Authored by c-rhodes on Jan 16 2021, 9:00 AM.



D90687 introduced a crash:

llvm::LoopVectorizationCostModel::computeMaxVF(llvm::ElementCount, unsigned int): Assertion `WideningDecisions.empty() && Uniforms.empty() && Scalars.empty() && "No decisions should have been taken at this point"' failed.

when compiling the following C code:

typedef struct {
char a;
} b;

b *c;
int d, e;

int f() {
  int g = 0;
  for (; d; d++) {
    e = 0;
    for (; e < c[d].a; e++)
  return g;


clang -Os -target hexagon -mhvx -fvectorize -mv67 testcase.c -S -o -

This occurred since prior to D90687 computeFeasibleMaxVF would only be
called in computeMaxVF when a scalar epilogue was allowed, but now it's
always called. This causes the assert above since computeFeasibleMaxVF
collects all viable VFs larger than the default MaxVF, and for each VF
calculates the register usage which results in analysis being done the
assert above guards against. This can occur in computeFeasibleMaxVF if
TTI.shouldMaximizeVectorBandwidth and this target hook is implemented in
the hexagon backend to always return true.

Reported by @iajbar.

Diff Detail

Event Timeline

c-rhodes created this revision.Jan 16 2021, 9:00 AM
c-rhodes requested review of this revision.Jan 16 2021, 9:00 AM
Herald added a project: Restricted Project. · View Herald TranscriptJan 16 2021, 9:00 AM
c-rhodes added a subscriber: fhahn.Jan 18 2021, 6:47 AM
c-rhodes added inline comments.

@fhahn Any thoughts on this?
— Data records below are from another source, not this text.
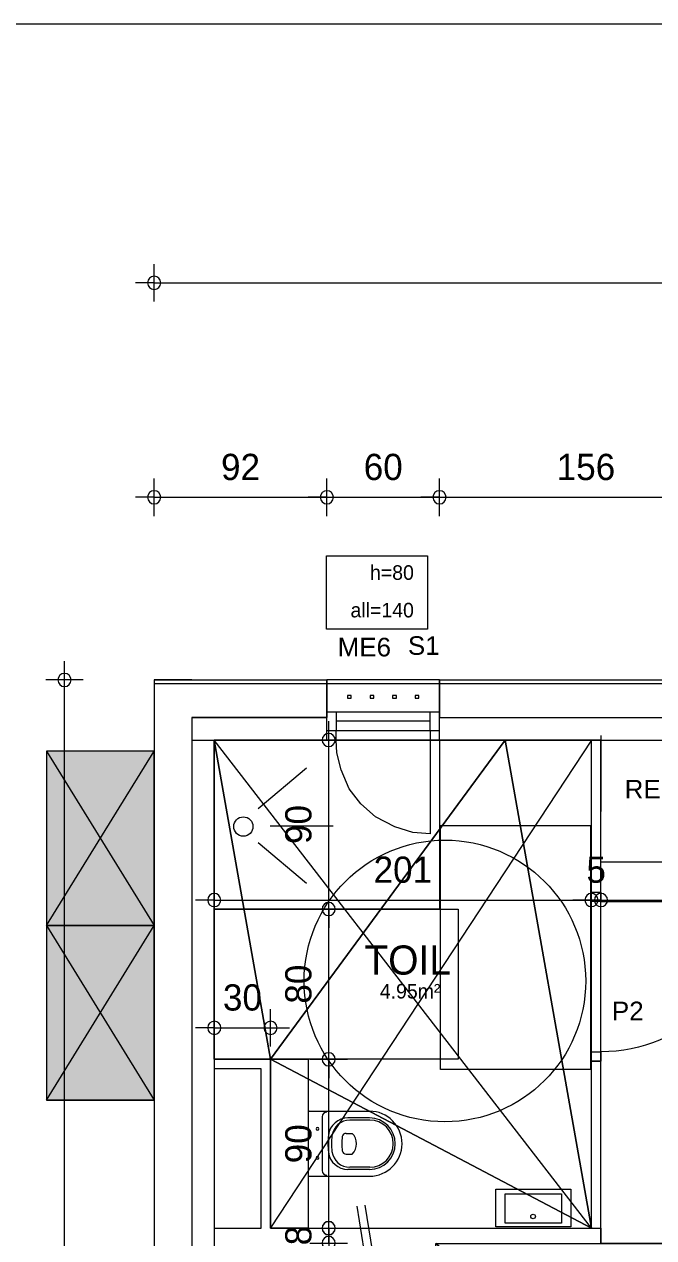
# Model space of a CAD drawing. Header units: metres. Extents: x 1.8 to 61.8, y -53.3 to -11.3.
# Drawn here: x 5.91 to 9.26, y -17.77 to -11.31 of the extents above; entities that cross this region are included whole.
import ezdxf
from ezdxf.enums import TextEntityAlignment as Align
from ezdxf.lldxf.tags import DXFTag

# ---------------------------------------------------------------- set-up
doc = ezdxf.new("R2010")
doc.units = ezdxf.units.M
doc.header["$MEASUREMENT"] = 0
for name, color, linetype in [('Calque commun', 7, 'Continuous'), ('Calque7', 7, 'Continuous'), ('Textes', 7, 'Continuous')]:
    doc.layers.add(name, color=color, linetype=linetype)
doc.styles.add('Arial9', font='arial.ttf', dxfattribs={"height": 0.098961})
doc.styles.add('Century Gothic10', font='GOTHIC.TTF', dxfattribs={"height": 0.077575})
doc.styles.add('Century Gothic15', font='GOTHIC.TTF', dxfattribs={"height": 0.139636})
doc.styles.add('Century Gothic18', font='GOTHIC.TTF', dxfattribs={"height": 0.155151})
tags = doc.linetypes.add('DASHDOT2', pattern=[0.5, 0.25, -0.125, 0, -0.125]).pattern_tags.tags
tags[10:11] = [DXFTag(74, 4), DXFTag(75, 0), DXFTag(340, '0'), DXFTag(46, 1.0), DXFTag(50, 0.0), DXFTag(44, 0.0), DXFTag(45, 0.0)]
tags[8:9] = [DXFTag(74, 4), DXFTag(75, 0), DXFTag(340, '0'), DXFTag(46, 1.0), DXFTag(50, 0.0), DXFTag(44, 0.0), DXFTag(45, 0.0)]
tags[6:7] = [DXFTag(74, 4), DXFTag(75, 0), DXFTag(340, '0'), DXFTag(46, 1.0), DXFTag(50, 0.0), DXFTag(44, 0.0), DXFTag(45, 0.0)]
tags[4:5] = [DXFTag(74, 4), DXFTag(75, 0), DXFTag(340, '0'), DXFTag(46, 1.0), DXFTag(50, 0.0), DXFTag(44, 0.0), DXFTag(45, 0.0)]
tags = doc.linetypes.add('HIDDEN', pattern=[0.375, 0.25, -0.125]).pattern_tags.tags
tags[6:7] = [DXFTag(74, 4), DXFTag(75, 0), DXFTag(340, '0'), DXFTag(46, 1.0), DXFTag(50, 0.0), DXFTag(44, 0.0), DXFTag(45, 0.0)]
tags[4:5] = [DXFTag(74, 4), DXFTag(75, 0), DXFTag(340, '0'), DXFTag(46, 1.0), DXFTag(50, 0.0), DXFTag(44, 0.0), DXFTag(45, 0.0)]
tags = doc.linetypes.add('HIDDEN2', pattern=[0.1875, 0.125, -0.0625]).pattern_tags.tags
tags[6:7] = [DXFTag(74, 4), DXFTag(75, 0), DXFTag(340, '0'), DXFTag(46, 1.0), DXFTag(50, 0.0), DXFTag(44, 0.0), DXFTag(45, 0.0)]
tags[4:5] = [DXFTag(74, 4), DXFTag(75, 0), DXFTag(340, '0'), DXFTag(46, 1.0), DXFTag(50, 0.0), DXFTag(44, 0.0), DXFTag(45, 0.0)]

# ---------------------------------------------------------------- blocks, each defined once
blk = doc.blocks.new('Block52915')
at = {"layer": 'Calque commun', "color": 7, "linetype": 'Continuous', "lineweight": 18}
for p, q in [((6.8015, -14.7998), (6.6016, -14.7998)), ((6.8015, -14.9998), (6.8016, -14.9998))]:
    blk.add_line(p, q, dxfattribs=at)
at = {"layer": 'Calque commun', "color": 7, "linetype": 'Continuous', "lineweight": 9}
blk.add_line((6.8015, -15.1198), (6.9216, -15.1198), dxfattribs=at)
blk = doc.blocks.new('Block52943')
at = {"layer": 'Calque commun', "color": 7, "linetype": 'Continuous', "lineweight": 18}
for p, q in [((6.6015, -14.7998), (7.5216, -14.7998)), ((8.1216, -14.7998), (9.6816, -14.7998)), ((10.4816, -14.7998), (11.9215, -14.7998))]:
    blk.add_line(p, q, dxfattribs=at)
at = {"layer": 'Calque commun', "color": 7, "linetype": 'Continuous', "lineweight": 9}
for p, q in [((6.8015, -14.9998), (7.5216, -14.9998)), ((8.1216, -14.9998), (9.6816, -14.9998)), ((10.4816, -14.9998), (11.9215, -14.9998)), ((6.9216, -15.1198), (7.5216, -15.1198)), ((8.1216, -15.1198), (9.6816, -15.1198)), ((10.4816, -15.1198), (11.9215, -15.1198))]:
    blk.add_line(p, q, dxfattribs=at)
blk = doc.blocks.new('Block52944')
at = {"layer": 'Calque commun', "color": 7, "linetype": 'Continuous', "lineweight": 18}
blk.add_line((6.6015, -16.8696), (6.6015, -23.7998), dxfattribs=at)
at = {"layer": 'Calque commun', "color": 7, "linetype": 'Continuous', "lineweight": 9}
for p, q in [((6.8015, -16.8696), (6.8015, -23.5998)), ((6.9216, -16.8696), (6.9216, -23.4798))]:
    blk.add_line(p, q, dxfattribs=at)
blk = doc.blocks.new('new18')
at = {"layer": 'Calque commun', "color": 5, "linetype": 'Continuous', "lineweight": 9}
blk.add_arc((0, 0), 0.5, 0, 359.99941, dxfattribs=at)
blk = doc.blocks.new('DimLine53045')
at = {"layer": 'Calque commun', "color": 5, "linetype": 'Continuous', "lineweight": 9}
for p, q in [((6.1238, -14.7998, 0), (6.1238, -14.6998, 0)), ((6.2238, -14.7998, 0), (6.0238, -14.7998, 0)), ((6.1238, -23.7998, 0), (6.1238, -14.7998, 0))]:
    blk.add_line(p, q, dxfattribs=at)
at = {"layer": 'Calque commun', "color": 5, "linetype": 'Continuous', "lineweight": 9, "xscale": 0.07000000029802322, "yscale": 0.07000000029802322, "zscale": 0.07000000029802322, "rotation": 90}
blk.add_blockref('new18', (6.1238, -14.7998, 0), dxfattribs=at)
blk = doc.blocks.new('new37')
at = {"layer": 'Calque commun', "color": 5, "linetype": 'Continuous', "lineweight": 9}
blk.add_arc((0, 0), 0.5, 0, 359.99941, dxfattribs=at)
blk = doc.blocks.new('new38')
at = {"layer": 'Calque commun', "color": 5, "linetype": 'Continuous', "lineweight": 9}
blk.add_arc((0, 0), 0.5, 0, 359.99941, dxfattribs=at)
blk = doc.blocks.new('DimLine53129')
at = {"layer": 'Calque commun', "color": 5, "linetype": 'Continuous', "lineweight": 9}
for p, q in [((7.5216, -13.9273), (7.5216, -13.7273)), ((8.1216, -13.9273), (8.1216, -13.7273)), ((7.5216, -13.8273), (7.4216, -13.8273)), ((7.5216, -13.8273), (8.1216, -13.8273)), ((8.1216, -13.8273), (8.2216, -13.8273))]:
    blk.add_line(p, q, dxfattribs=at)
at = {"layer": 'Calque commun', "color": 5, "linetype": 'Continuous', "lineweight": 9, "xscale": 0.07000000029802322, "yscale": 0.07000000029802322, "zscale": 0.07000000029802322}
for name, p in [('new37', (7.5216, -13.8273)), ('new38', (8.1216, -13.8273))]:
    blk.add_blockref(name, p, dxfattribs=at)
at = {"layer": 'Calque commun', "color": 5, "linetype": 'Continuous', "lineweight": 9, "style": 'Century Gothic15'}
blk.add_text('60', height=0.13964, dxfattribs=at).set_placement((7.8216, -13.7773), align=Align.BOTTOM_CENTER)
blk = doc.blocks.new('new41')
at = {"layer": 'Calque commun', "color": 5, "linetype": 'Continuous', "lineweight": 9}
blk.add_arc((0, 0), 0.5, 0, 359.99941, dxfattribs=at)
blk = doc.blocks.new('new42')
at = {"layer": 'Calque commun', "color": 5, "linetype": 'Continuous', "lineweight": 9}
blk.add_arc((0, 0), 0.5, 0, 359.99941, dxfattribs=at)
blk = doc.blocks.new('DimLine53145')
at = {"layer": 'Calque commun', "color": 5, "linetype": 'Continuous', "lineweight": 9}
for p, q in [((6.6016, -13.9273), (6.6016, -13.7273)), ((7.5216, -13.9273), (7.5216, -13.7273)), ((6.6016, -13.8273), (6.5016, -13.8273)), ((6.6016, -13.8273), (7.5216, -13.8273)), ((7.5216, -13.8273), (7.6216, -13.8273))]:
    blk.add_line(p, q, dxfattribs=at)
at = {"layer": 'Calque commun', "color": 5, "linetype": 'Continuous', "lineweight": 9, "xscale": 0.07000000029802322, "yscale": 0.07000000029802322, "zscale": 0.07000000029802322}
for name, p in [('new41', (6.6016, -13.8273)), ('new42', (7.5216, -13.8273))]:
    blk.add_blockref(name, p, dxfattribs=at)
at = {"layer": 'Calque commun', "color": 5, "linetype": 'Continuous', "lineweight": 9, "style": 'Century Gothic15'}
blk.add_text('92', height=0.13964, dxfattribs=at).set_placement((7.0616, -13.7773), align=Align.BOTTOM_CENTER)
blk = doc.blocks.new('new43')
at = {"layer": 'Calque commun', "color": 5, "linetype": 'Continuous', "lineweight": 9}
blk.add_arc((0, 0), 0.5, 0, 359.99941, dxfattribs=at)
blk = doc.blocks.new('new44')
at = {"layer": 'Calque commun', "color": 5, "linetype": 'Continuous', "lineweight": 9}
blk.add_arc((0, 0), 0.5, 0, 359.99941, dxfattribs=at)
blk = doc.blocks.new('DimLine53153')
at = {"layer": 'Calque commun', "color": 5, "linetype": 'Continuous', "lineweight": 9}
for p, q in [((8.1216, -13.9273), (8.1216, -13.7273)), ((9.6816, -13.9273), (9.6816, -13.7273)), ((8.1216, -13.8273), (8.0216, -13.8273)), ((8.1216, -13.8273), (9.6816, -13.8273)), ((9.6816, -13.8273), (9.7816, -13.8273))]:
    blk.add_line(p, q, dxfattribs=at)
at = {"layer": 'Calque commun', "color": 5, "linetype": 'Continuous', "lineweight": 9, "xscale": 0.07000000029802322, "yscale": 0.07000000029802322, "zscale": 0.07000000029802322}
for name, p in [('new43', (8.1216, -13.8273)), ('new44', (9.6816, -13.8273))]:
    blk.add_blockref(name, p, dxfattribs=at)
at = {"layer": 'Calque commun', "color": 5, "linetype": 'Continuous', "lineweight": 9, "style": 'Century Gothic15'}
blk.add_text('156', height=0.13964, dxfattribs=at).set_placement((8.9016, -13.7773), align=Align.BOTTOM_CENTER)
blk = doc.blocks.new('@PRES_1_$$_1-13')
at = {"layer": 'Calque commun', "color": 5, "linetype": 'Continuous', "lineweight": 9}
for p, q in [((0, 0.32), (0.6, 0.32)), ((0.6, 0.15), (0, 0.15)), ((0.05, 0.05), (0.05, 0.15)), ((0.55, 0.15), (0.55, 0.05)), ((0.05, 0.1), (0.55, 0.1)), ((0.6, 0.05), (0, 0.05)), ((0, 0), (0.6, 0))]:
    blk.add_line(p, q, dxfattribs=at)
blk = doc.blocks.new('@PRES_1_$$_1-14')
at = {"layer": 'Calque commun', "color": 0, "linetype": 'ByBlock', "lineweight": -2}
blk.add_line((0, 0), (0, 0.32), dxfattribs=at)
blk = doc.blocks.new('@PRES_1_$$_1-15')
at = {"layer": 'Calque commun', "color": 0, "linetype": 'ByBlock', "lineweight": -2}
blk.add_line((0, 0), (0, 0.32), dxfattribs=at)
blk = doc.blocks.new('INTER_2D_COMB5')
at = {"layer": 'Calque commun', "color": 0, "linetype": 'ByBlock', "lineweight": -2}
blk.add_blockref('@PRES_1_$$_1-13', (0, 0), dxfattribs=at)
at = {"layer": 'Calque commun', "color": 7, "linetype": 'Continuous', "lineweight": 9}
blk.add_blockref('@PRES_1_$$_1-14', (0, 0), dxfattribs=at)
at = {"layer": 'Calque commun', "color": 7, "linetype": 'Continuous', "lineweight": 9, "extrusion": (0, 0, -1), "xscale": -1, "yscale": -1, "zscale": -1, "rotation": -180}
blk.add_blockref('@PRES_1_$$_1-15', (-0.6, 0), dxfattribs=at)
blk = doc.blocks.new('PLACED_COMB5')
at = {"layer": 'Calque commun', "color": 0, "linetype": 'ByBlock', "lineweight": -2}
blk.add_blockref('INTER_2D_COMB5', (0, 0), dxfattribs=at)
blk = doc.blocks.new('new121')
at = {"layer": 'Calque commun', "color": 5, "linetype": 'Continuous', "lineweight": 9}
blk.add_arc((0, 0), 0.5, 0, 359.99941, dxfattribs=at)
blk = doc.blocks.new('new122')
at = {"layer": 'Calque commun', "color": 5, "linetype": 'Continuous', "lineweight": 9}
blk.add_arc((0, 0), 0.5, 0, 359.99941, dxfattribs=at)
blk = doc.blocks.new('DimLine55577')
at = {"layer": 'Calque commun', "color": 5, "linetype": 'Continuous', "lineweight": 9}
for p, q in [((6.6016, -12.7855), (6.6016, -12.5855)), ((13.2015, -12.7855), (13.2015, -12.5855)), ((6.6016, -12.6855), (6.5016, -12.6855)), ((6.6016, -12.6855), (13.2015, -12.6855)), ((13.2015, -12.6855), (13.3015, -12.6855))]:
    blk.add_line(p, q, dxfattribs=at)
at = {"layer": 'Calque commun', "color": 5, "linetype": 'Continuous', "lineweight": 9, "xscale": 0.07000000029802322, "yscale": 0.07000000029802322, "zscale": 0.07000000029802322}
for name, p in [('new121', (6.6016, -12.6855)), ('new122', (13.2015, -12.6855))]:
    blk.add_blockref(name, p, dxfattribs=at)
at = {"layer": 'Calque commun', "color": 5, "linetype": 'Continuous', "lineweight": 9, "style": 'Century Gothic15'}
blk.add_text('660', height=0.13964, dxfattribs=at).set_placement((9.9016, -12.6355), align=Align.BOTTOM_CENTER)
blk = doc.blocks.new('douche90x120')
at = {"layer": 'Calque commun', "color": 7, "linetype": 'Continuous', "lineweight": 9}
for p, q in [((-0.491, -0.1501), (-0.2333, -0.3664)), ((-0.6334, -0.4582), (-0.2969, -0.4582)), ((-0.491, -0.7635), (-0.2333, -0.5472))]:
    blk.add_line(p, q, dxfattribs=at)
blk.add_arc((-0.1549, -0.4608), 0.0514, 89.99999, 89.9994, dxfattribs=at)
mesh = blk.add_polyface(dxfattribs=at)
corners = [(-1.2, -0.9), (0, -0.9), (0, 0), (-1.2, 0)]
mesh.append_faces([[corners[k] for k in face] for face in [(0, 1, 2, 3)]], dxfattribs={"color": 7})
blk = doc.blocks.new('80x130')
at = {"layer": 'Calque commun', "color": 7, "linetype": 'HIDDEN', "lineweight": 9}
mesh = blk.add_polyface(dxfattribs=at)
corners = [(0, 0), (0, 1.3), (0.8, 1.3), (0.8, 0)]
mesh.append_faces([[corners[k] for k in face] for face in [(0, 1, 2, 3)]], dxfattribs={"color": 7})
blk = doc.blocks.new('xmodule1pd29')
at = {"layer": 'Calque commun', "color": 5, "linetype": 'Continuous', "lineweight": 9}
blk.add_arc((0, 0), 0.5, 0, 359.99941, dxfattribs=at)
blk = doc.blocks.new('xmodule1pd30')
at = {"layer": 'Calque commun', "color": 5, "linetype": 'Continuous', "lineweight": 9}
blk.add_arc((0, 0), 0.5, 0, 359.99941, dxfattribs=at)
blk = doc.blocks.new('DimLine53452-2')
at = {"layer": 'Calque commun', "color": 5, "linetype": 'Continuous', "lineweight": 9}
for p, q in [((6.9216, -16.9433), (6.9216, -16.7433)), ((8.9309, -16.9433), (8.9309, -16.7433)), ((6.9216, -16.8433), (6.8216, -16.8433)), ((6.9216, -16.8433), (8.9309, -16.8433)), ((8.9309, -16.8433), (9.0309, -16.8433))]:
    blk.add_line(p, q, dxfattribs=at)
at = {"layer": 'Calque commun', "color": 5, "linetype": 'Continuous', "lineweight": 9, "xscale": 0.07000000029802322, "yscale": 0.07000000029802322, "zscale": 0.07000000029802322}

This assert is firing since D90687, details above. I'm just wondering having looked at your patch D78298 if there's a more sensible fix here, maybe to get rid of the assert and call invalidateCostModelingDecisions?

fhahn added inline comments.Jan 21 2021, 9:15 AM

I think it is still preferable to avoid spending time computing cost-model decisions unnecessarily.

Duplicating the MaxVF computation at a few places to ensure we only do it when needed looks good to me.


please add some check lines to make sure something sensible happens, besides not crashing.


Personally I think the C source code mostly just adds clutter. Ideally the IR source would be concise and with descriptive variable names, so it should be relatively easy to see what's going on without C source; especially if the C source looks like something auto-generated/C-reduced. Also, there's no guarantee that Clang will generate the same IR in future versions.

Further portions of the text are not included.